Materials provided -

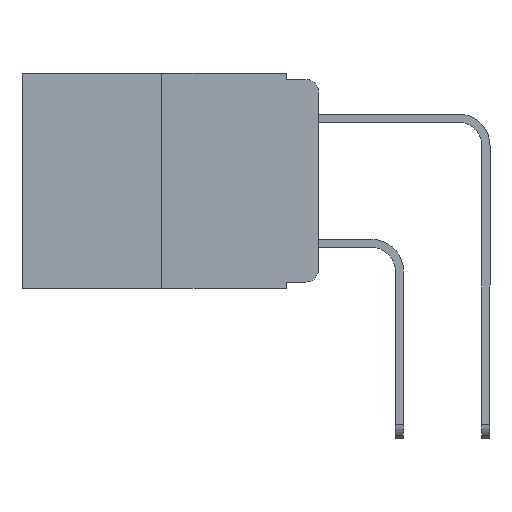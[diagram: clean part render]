
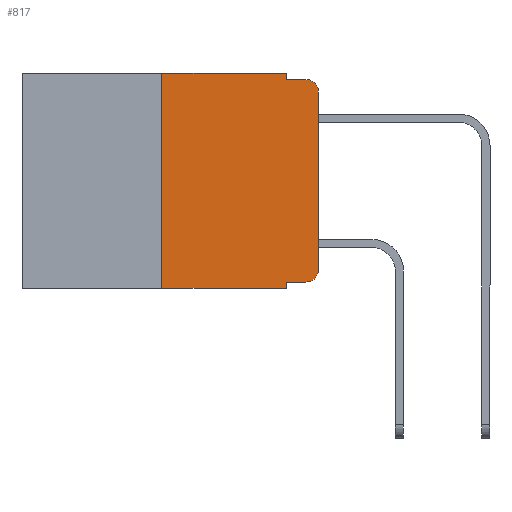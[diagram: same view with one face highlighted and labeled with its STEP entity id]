
A CAD part, left-side view. The second image highlights one B-rep face of the part: STEP entity #817.
In plain terms, the highlighted planar face has unit normal (-1, 0, 0).
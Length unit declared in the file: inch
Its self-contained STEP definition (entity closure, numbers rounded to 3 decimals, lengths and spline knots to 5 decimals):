
#80 = VECTOR ( 'NONE', #5249, 39.37008 ) ;
#509 = CARTESIAN_POINT ( 'NONE',  ( 0., 0.25, 0. ) ) ;
#522 = DIRECTION ( 'NONE',  ( 0., 0., -1. ) ) ;
#593 = CARTESIAN_POINT ( 'NONE',  ( 0., 0.051, -0.01 ) ) ;
#754 = ORIENTED_EDGE ( 'NONE', *, *, #1889, .F. ) ;
#815 = VERTEX_POINT ( 'NONE', #7710 ) ;
#817 = ADVANCED_FACE ( 'NONE', ( #4289 ), #7308, .F. ) ;
#998 = DIRECTION ( 'NONE',  ( 0., 0., -1. ) ) ;
#1059 = AXIS2_PLACEMENT_3D ( 'NONE', #7236, #7255, #7435 ) ;
#1220 = CARTESIAN_POINT ( 'NONE',  ( 0., 0.051, 0. ) ) ;
#1525 = EDGE_CURVE ( 'NONE', #5162, #6615, #8777, .T. ) ;
#1641 = DIRECTION ( 'NONE',  ( 0., 0., 1. ) ) ;
#1642 = EDGE_LOOP ( 'NONE', ( #9375, #9588, #754, #3647, #6125, #3962, #6372, #10260, #8587, #10487 ) ) ;
#1718 = EDGE_CURVE ( 'NONE', #1974, #5716, #9665, .T. ) ;
#1870 = EDGE_CURVE ( 'NONE', #10023, #815, #9338, .T. ) ;
#1887 = EDGE_CURVE ( 'NONE', #815, #6495, #7161, .T. ) ;
#1889 = EDGE_CURVE ( 'NONE', #8130, #6495, #5284, .T. ) ;
#1906 = EDGE_CURVE ( 'NONE', #6615, #8130, #8879, .T. ) ;
#1907 = EDGE_CURVE ( 'NONE', #1974, #5162, #6079, .T. ) ;
#1908 = EDGE_CURVE ( 'NONE', #6549, #5716, #4681, .T. ) ;
#1923 = EDGE_CURVE ( 'NONE', #6549, #7519, #4361, .T. ) ;
#1926 = EDGE_CURVE ( 'NONE', #7519, #10023, #2074, .T. ) ;
#1974 = VERTEX_POINT ( 'NONE', #3626 ) ;
#2074 = CIRCLE ( 'NONE', #7357, 0.02 ) ;
#2113 = CARTESIAN_POINT ( 'NONE',  ( 0., 0.051, -0.343 ) ) ;
#2379 = VECTOR ( 'NONE', #6611, 39.37008 ) ;
#2702 = VECTOR ( 'NONE', #6320, 39.37008 ) ;
#3159 = VECTOR ( 'NONE', #8484, 39.37008 ) ;
#3626 = CARTESIAN_POINT ( 'NONE',  ( 0., 0.25, -0.343 ) ) ;
#3647 = ORIENTED_EDGE ( 'NONE', *, *, #1906, .F. ) ;
#3962 = ORIENTED_EDGE ( 'NONE', *, *, #1907, .F. ) ;
#4176 = CARTESIAN_POINT ( 'NONE',  ( 0., 0.02, -0.333 ) ) ;
#4289 = FACE_OUTER_BOUND ( 'NONE', #1642, .T. ) ;
#4361 = LINE ( 'NONE', #5252, #80 ) ;
#4592 = CARTESIAN_POINT ( 'NONE',  ( 0., 0.051, 0. ) ) ;
#4681 = LINE ( 'NONE', #1220, #10545 ) ;
#4995 = CARTESIAN_POINT ( 'NONE',  ( 0., 0.25, 0. ) ) ;
#5162 = VERTEX_POINT ( 'NONE', #4995 ) ;
#5249 = DIRECTION ( 'NONE',  ( 0., -1., 0. ) ) ;
#5252 = CARTESIAN_POINT ( 'NONE',  ( 0., 0.051, -0.333 ) ) ;
#5284 = LINE ( 'NONE', #6559, #2379 ) ;
#5474 = CARTESIAN_POINT ( 'NONE',  ( 0., 0.051, 0. ) ) ;
#5475 = CARTESIAN_POINT ( 'NONE',  ( 0., 0.051, -0.333 ) ) ;
#5592 = CARTESIAN_POINT ( 'NONE',  ( 0., 0., 0. ) ) ;
#5716 = VERTEX_POINT ( 'NONE', #2113 ) ;
#5912 = CARTESIAN_POINT ( 'NONE',  ( 0., 0.02, -0.03 ) ) ;
#5933 = DIRECTION ( 'NONE',  ( 0., 0., -1. ) ) ;
#5948 = DIRECTION ( 'NONE',  ( -1., 0., 0. ) ) ;
#6043 = DIRECTION ( 'NONE',  ( 0., 0., -1. ) ) ;
#6078 = DIRECTION ( 'NONE',  ( -1., 0., 0. ) ) ;
#6079 = LINE ( 'NONE', #509, #10767 ) ;
#6125 = ORIENTED_EDGE ( 'NONE', *, *, #1525, .F. ) ;
#6320 = DIRECTION ( 'NONE',  ( 0., 0., 1. ) ) ;
#6344 = AXIS2_PLACEMENT_3D ( 'NONE', #5912, #6078, #6043 ) ;
#6372 = ORIENTED_EDGE ( 'NONE', *, *, #1718, .T. ) ;
#6490 = CARTESIAN_POINT ( 'NONE',  ( 0., 0.02, -0.313 ) ) ;
#6495 = VERTEX_POINT ( 'NONE', #7817 ) ;
#6549 = VERTEX_POINT ( 'NONE', #5475 ) ;
#6559 = CARTESIAN_POINT ( 'NONE',  ( 0., 0.051, -0.01 ) ) ;
#6611 = DIRECTION ( 'NONE',  ( 0., -1., 0. ) ) ;
#6615 = VERTEX_POINT ( 'NONE', #4592 ) ;
#6932 = VECTOR ( 'NONE', #522, 39.37008 ) ;
#7161 = CIRCLE ( 'NONE', #6344, 0.02 ) ;
#7236 = CARTESIAN_POINT ( 'NONE',  ( 0., 0.473, 0. ) ) ;
#7255 = DIRECTION ( 'NONE',  ( 1., 0., 0. ) ) ;
#7308 = PLANE ( 'NONE',  #1059 ) ;
#7357 = AXIS2_PLACEMENT_3D ( 'NONE', #6490, #5948, #5933 ) ;
#7435 = DIRECTION ( 'NONE',  ( 0., 0., -1. ) ) ;
#7519 = VERTEX_POINT ( 'NONE', #4176 ) ;
#7541 = CARTESIAN_POINT ( 'NONE',  ( 0., 0., -0.313 ) ) ;
#7710 = CARTESIAN_POINT ( 'NONE',  ( 0., 0., -0.03 ) ) ;
#7817 = CARTESIAN_POINT ( 'NONE',  ( 0., 0.02, -0.01 ) ) ;
#8130 = VERTEX_POINT ( 'NONE', #593 ) ;
#8484 = DIRECTION ( 'NONE',  ( 0., -1., 0. ) ) ;
#8555 = CARTESIAN_POINT ( 'NONE',  ( 0., 0.473, -0.343 ) ) ;
#8587 = ORIENTED_EDGE ( 'NONE', *, *, #1923, .T. ) ;
#8777 = LINE ( 'NONE', #9972, #10890 ) ;
#8879 = LINE ( 'NONE', #5474, #6932 ) ;
#9338 = LINE ( 'NONE', #5592, #2702 ) ;
#9375 = ORIENTED_EDGE ( 'NONE', *, *, #1870, .T. ) ;
#9588 = ORIENTED_EDGE ( 'NONE', *, *, #1887, .T. ) ;
#9665 = LINE ( 'NONE', #8555, #3159 ) ;
#9949 = DIRECTION ( 'NONE',  ( 0., -1., 0. ) ) ;
#9972 = CARTESIAN_POINT ( 'NONE',  ( 0., 0.473, 0. ) ) ;
#10023 = VERTEX_POINT ( 'NONE', #7541 ) ;
#10260 = ORIENTED_EDGE ( 'NONE', *, *, #1908, .F. ) ;
#10487 = ORIENTED_EDGE ( 'NONE', *, *, #1926, .T. ) ;
#10545 = VECTOR ( 'NONE', #998, 39.37008 ) ;
#10767 = VECTOR ( 'NONE', #1641, 39.37008 ) ;
#10890 = VECTOR ( 'NONE', #9949, 39.37008 ) ;
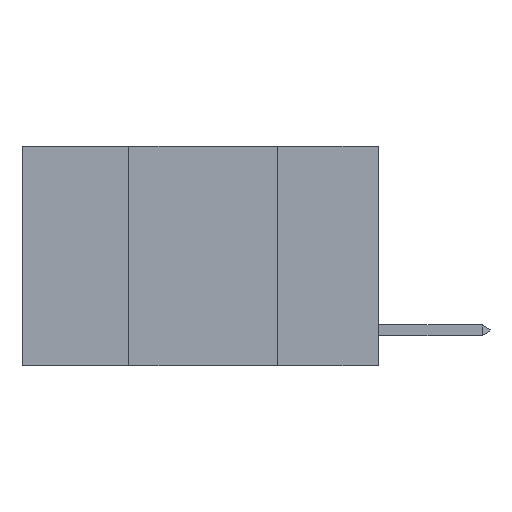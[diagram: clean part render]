
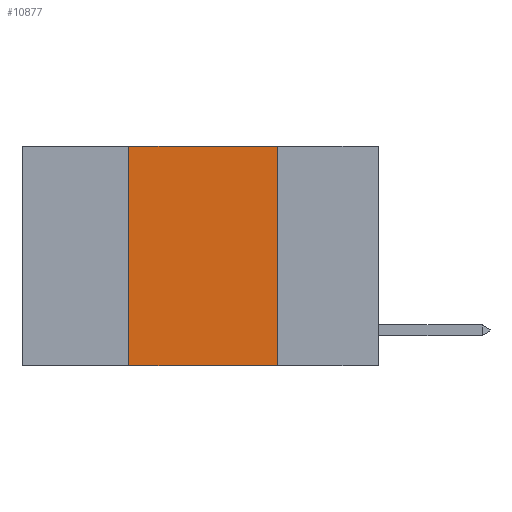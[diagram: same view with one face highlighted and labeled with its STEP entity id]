
A CAD part, left-side view. The second image highlights one B-rep face of the part: STEP entity #10877.
In plain terms, the highlighted planar face has unit normal (-1, 0, 0).
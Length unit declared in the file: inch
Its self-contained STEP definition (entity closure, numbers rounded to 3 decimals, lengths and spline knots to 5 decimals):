
#734 = LINE ( 'NONE', #23474, #4236 ) ;
#1711 = DIRECTION ( 'NONE',  ( 1., 0., 0. ) ) ;
#1782 = DIRECTION ( 'NONE',  ( 0., -1., 0. ) ) ;
#2043 = CARTESIAN_POINT ( 'NONE',  ( 0., 0.6, 0. ) ) ;
#3258 = CARTESIAN_POINT ( 'NONE',  ( 0., 0.42, 0. ) ) ;
#3450 = AXIS2_PLACEMENT_3D ( 'NONE', #17718, #1711, #19875 ) ;
#4205 = CARTESIAN_POINT ( 'NONE',  ( 0., 0.6, -0.37 ) ) ;
#4236 = VECTOR ( 'NONE', #8984, 39.37008 ) ;
#8531 = EDGE_CURVE ( 'NONE', #24281, #16154, #734, .T. ) ;
#8664 = EDGE_CURVE ( 'NONE', #21615, #12718, #26300, .T. ) ;
#8984 = DIRECTION ( 'NONE',  ( 0., 0., 1. ) ) ;
#10306 = VECTOR ( 'NONE', #15756, 39.37008 ) ;
#10455 = DIRECTION ( 'NONE',  ( 0., -1., 0. ) ) ;
#10877 = ADVANCED_FACE ( 'NONE', ( #13764 ), #21870, .F. ) ;
#11942 = LINE ( 'NONE', #2043, #20167 ) ;
#12718 = VERTEX_POINT ( 'NONE', #22814 ) ;
#13719 = CARTESIAN_POINT ( 'NONE',  ( 0., 0.17, 0. ) ) ;
#13764 = FACE_OUTER_BOUND ( 'NONE', #24766, .T. ) ;
#14776 = ORIENTED_EDGE ( 'NONE', *, *, #16174, .T. ) ;
#15756 = DIRECTION ( 'NONE',  ( 0., 0., -1. ) ) ;
#15889 = CARTESIAN_POINT ( 'NONE',  ( 0., 0.42, -0.37 ) ) ;
#16154 = VERTEX_POINT ( 'NONE', #3258 ) ;
#16174 = EDGE_CURVE ( 'NONE', #24281, #12718, #22754, .T. ) ;
#16240 = EDGE_CURVE ( 'NONE', #16154, #21615, #11942, .T. ) ;
#17718 = CARTESIAN_POINT ( 'NONE',  ( 0., 0.6, 0. ) ) ;
#18138 = ORIENTED_EDGE ( 'NONE', *, *, #8531, .F. ) ;
#19875 = DIRECTION ( 'NONE',  ( 0., 0., -1. ) ) ;
#20167 = VECTOR ( 'NONE', #1782, 39.37008 ) ;
#21615 = VERTEX_POINT ( 'NONE', #26400 ) ;
#21870 = PLANE ( 'NONE',  #3450 ) ;
#22737 = VECTOR ( 'NONE', #10455, 39.37008 ) ;
#22754 = LINE ( 'NONE', #4205, #22737 ) ;
#22814 = CARTESIAN_POINT ( 'NONE',  ( 0., 0.17, -0.37 ) ) ;
#23474 = CARTESIAN_POINT ( 'NONE',  ( 0., 0.42, 0. ) ) ;
#24281 = VERTEX_POINT ( 'NONE', #15889 ) ;
#24535 = ORIENTED_EDGE ( 'NONE', *, *, #16240, .F. ) ;
#24766 = EDGE_LOOP ( 'NONE', ( #25541, #24535, #18138, #14776 ) ) ;
#25541 = ORIENTED_EDGE ( 'NONE', *, *, #8664, .F. ) ;
#26300 = LINE ( 'NONE', #13719, #10306 ) ;
#26400 = CARTESIAN_POINT ( 'NONE',  ( 0., 0.17, 0. ) ) ;
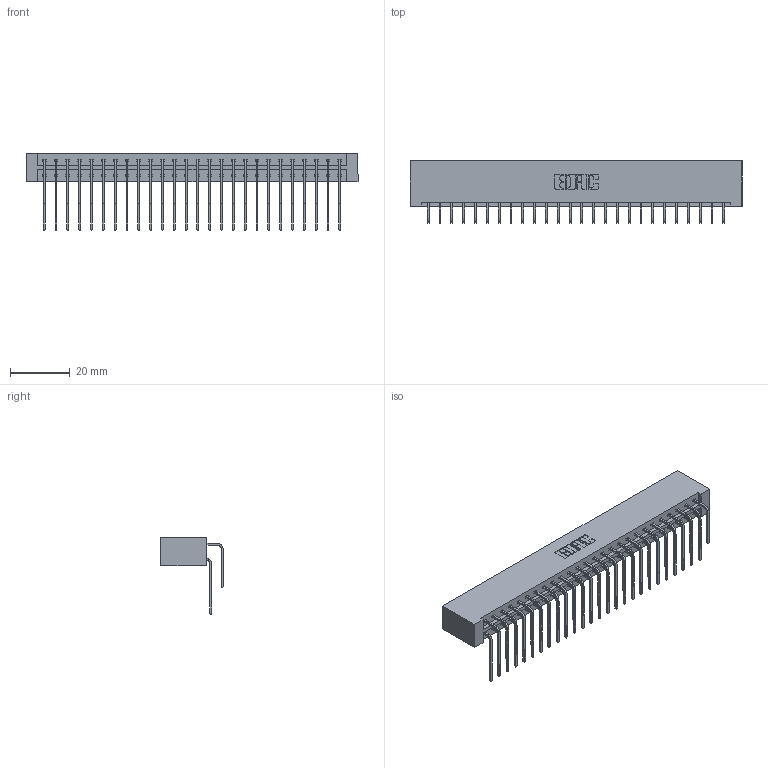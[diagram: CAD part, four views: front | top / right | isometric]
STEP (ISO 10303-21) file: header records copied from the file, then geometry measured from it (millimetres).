
FILE_DESCRIPTION (( 'STEP AP203' ), '1' );
FILE_NAME ('833-052-559-201.STEP', '2020-06-04T19:59:02', ( '' ), ( '' ), 'SwSTEP 2.0', 'SolidWorks 2020', '' );
FILE_SCHEMA (( 'CONFIG_CONTROL_DESIGN' ));
Length unit declared in the file: inch
Products named in the file (4): 833 Part_Lugless; 345-292-001_558 559 Tail - 1; 345-292-001_559 Tail - 2; 833-052-559-201
Assembly tree (53 placements, depth 2):
  833-052-559-201
    833 Part_Lugless
    345-292-001_558 559 Tail - 1  x26
    345-292-001_559 Tail - 2  x26
Bounding box: 111.28 x 20.9 x 25.53 mm (x, y, z)
Volume: 12143.4 mm3; surface area: 15703.1 mm2
Topology: 53 solids, 53 shells, 2914 faces, 8659 edges, 5702 vertices
Faces by surface type: plane 2042, cylinder 872
Entity records: 20303 total; most frequent: CARTESIAN_POINT 3433, ORIENTED_EDGE 3318, DIRECTION 2935, EDGE_CURVE 1659, LINE 1499, VECTOR 1499, VERTEX_POINT 1102, AXIS2_PLACEMENT_3D 718

What this task involves -
Pictures are to be left out, and the lines from the beginning of the records through the line with "#815 = VERTEX_POINT ( 'NONE', #7710 ) ;" are to be printed exactly, with nothing added.

Answer box -
[diagram: clean part render]
[diagram: same view with one face highlighted and labeled with its STEP entity id]
A CAD part, left-side view. The second image highlights one B-rep face of the part: STEP entity #817.
In plain terms, the highlighted planar face has unit normal (-1, 0, 0).
Length unit declared in the file: inch
Its self-contained STEP definition (entity closure, numbers rounded to 3 decimals, lengths and spline knots to 5 decimals):
#80 = VECTOR ( 'NONE', #5249, 39.37008 ) ;
#509 = CARTESIAN_POINT ( 'NONE',  ( 0., 0.25, 0. ) ) ;
#522 = DIRECTION ( 'NONE',  ( 0., 0., -1. ) ) ;
#593 = CARTESIAN_POINT ( 'NONE',  ( 0., 0.051, -0.01 ) ) ;
#754 = ORIENTED_EDGE ( 'NONE', *, *, #1889, .F. ) ;
#815 = VERTEX_POINT ( 'NONE', #7710 ) ;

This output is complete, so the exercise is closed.